Всякий, кто оставляет обязанности своего звания, чтобы предаться занятиям, которые ему по нраву, сколь бы благочестивыми они ни казались, не делает ничего доброго. Желая служить Богу на свой лад, он не служит ни Богу, ни себе, ибо Бог желает, чтобы Ему служили по Его воле, а не по нашей. И как можем мы быть в единении с Богом, отказываясь подчинить нашу волю Его воле?
Есть большая разница между отвлечением от Бога и отвлечением от сладости, которую обретают в ощущении Его присутствия. Правда, в занятиях и заботах, неотлучных от управления, не всегда вкушают эту сладость; но когда лишают себя ее ради Бога и когда все свои попечения обращают к Его славе, тогда теряют, чтобы обрести, и оставляют сладостное ради существенного. Если Бог «с нами в скорби», как Он уверяет нас через Своего пророка (ср. Пс. 90:15), то как же Его не будет с нами, когда мы трудимся лишь для служения Ему и во славу Его любви?
Чтобы укрепить эту душу, наш блаженный сказал ей в заключение:
«Чем больше дел будете вы вершить ради Бога, утверждаясь в святом послушании, тем щедрее Он будет содействовать вам, совершая ваше дело вместе с вами, покуда вы совершаете Его дело вместе с Ним. А дело Его — освящение и совершенство душ. Трудитесь же над ним смиренно, просто и с упованием, и пагубная рассеянность никогда не коснется вас. Ибо не истинен тот мир, что обретается в бегстве от трудов, потребных для прославления имени Божия».

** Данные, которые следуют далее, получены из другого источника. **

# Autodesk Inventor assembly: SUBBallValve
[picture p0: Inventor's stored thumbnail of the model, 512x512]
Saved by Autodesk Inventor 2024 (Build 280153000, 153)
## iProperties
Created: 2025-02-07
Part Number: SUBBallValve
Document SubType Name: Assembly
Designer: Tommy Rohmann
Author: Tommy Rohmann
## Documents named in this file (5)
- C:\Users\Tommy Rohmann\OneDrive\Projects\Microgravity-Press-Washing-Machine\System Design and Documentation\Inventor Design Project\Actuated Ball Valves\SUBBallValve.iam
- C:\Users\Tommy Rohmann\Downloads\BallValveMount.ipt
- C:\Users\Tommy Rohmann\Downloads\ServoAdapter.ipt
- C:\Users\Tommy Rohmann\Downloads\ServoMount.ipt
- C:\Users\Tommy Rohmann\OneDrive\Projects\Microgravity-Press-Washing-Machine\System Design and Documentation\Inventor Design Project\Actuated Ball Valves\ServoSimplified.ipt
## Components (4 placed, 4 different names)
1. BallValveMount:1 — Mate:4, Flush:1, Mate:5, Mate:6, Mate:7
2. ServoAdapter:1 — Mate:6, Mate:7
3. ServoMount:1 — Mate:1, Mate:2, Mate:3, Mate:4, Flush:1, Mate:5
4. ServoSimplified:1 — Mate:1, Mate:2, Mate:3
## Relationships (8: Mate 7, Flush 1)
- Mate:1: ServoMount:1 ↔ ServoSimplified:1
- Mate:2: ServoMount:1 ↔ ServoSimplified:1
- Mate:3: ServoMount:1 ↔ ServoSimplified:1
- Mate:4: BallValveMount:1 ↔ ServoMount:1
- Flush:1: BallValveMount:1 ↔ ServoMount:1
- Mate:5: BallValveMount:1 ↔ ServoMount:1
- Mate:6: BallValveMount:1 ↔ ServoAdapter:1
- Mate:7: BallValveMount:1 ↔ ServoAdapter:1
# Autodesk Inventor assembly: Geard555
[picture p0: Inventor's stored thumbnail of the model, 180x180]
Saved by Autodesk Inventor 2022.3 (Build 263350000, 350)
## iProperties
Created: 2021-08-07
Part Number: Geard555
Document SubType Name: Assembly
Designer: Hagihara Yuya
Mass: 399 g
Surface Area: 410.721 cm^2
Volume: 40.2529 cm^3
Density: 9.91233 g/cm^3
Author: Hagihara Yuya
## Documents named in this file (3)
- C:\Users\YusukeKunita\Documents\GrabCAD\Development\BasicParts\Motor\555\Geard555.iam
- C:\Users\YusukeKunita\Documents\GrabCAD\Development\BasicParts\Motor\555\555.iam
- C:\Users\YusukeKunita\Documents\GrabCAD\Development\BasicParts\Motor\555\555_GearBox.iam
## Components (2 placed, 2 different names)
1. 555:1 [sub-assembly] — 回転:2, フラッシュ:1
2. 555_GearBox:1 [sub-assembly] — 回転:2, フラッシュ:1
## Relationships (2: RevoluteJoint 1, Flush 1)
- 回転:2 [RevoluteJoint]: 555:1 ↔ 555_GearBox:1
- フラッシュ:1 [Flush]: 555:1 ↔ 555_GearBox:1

О, какое бы я обрел утешение, если бы до смерти своей смог узреть в Церкви Божией общество девиц и жен, куда в качестве приданого приносили бы лишь добрую волю и умение добывать пропитание трудами рук своих, и которое потому не имело бы иной трапезной, кроме трудовой палаты, где все вместе приобщались бы к тому блаженству, о коем говорит пророк: «Блажен ты, когда будешь есть от трудов рук твоих» (ср. Пс. 127:2).
О Боже, какое великое утешение — вкушать хлеб свой в поте лица своего и иметь возможность сказать с великим апостолом: «Вы сами знаете, что нуждам моим и нуждам бывших при мне послужили руки мои сии» (Деян. 20:34)! Эта нищета драгоценнее пред Богом, нежели все сокровища земные.
В этом-то и состоит подлинная евангельская нищета, какую явил нам Спаситель наш, а по Его примеру — Пресвятая Дева, святой Иосиф и апостолы, оставившие все, чтобы жить от трудов своих, духовных или телесных.
Должен признаться, что из всех женских конгрегаций, госпитальерки и урсулинки, а также сестры из Конгрегации Нотр-Дам, которые посвящают себя обучению малых девочек, мне паче всех по сердцу, ибо они поистине живут от трудов своих, будь то духовных или телесных.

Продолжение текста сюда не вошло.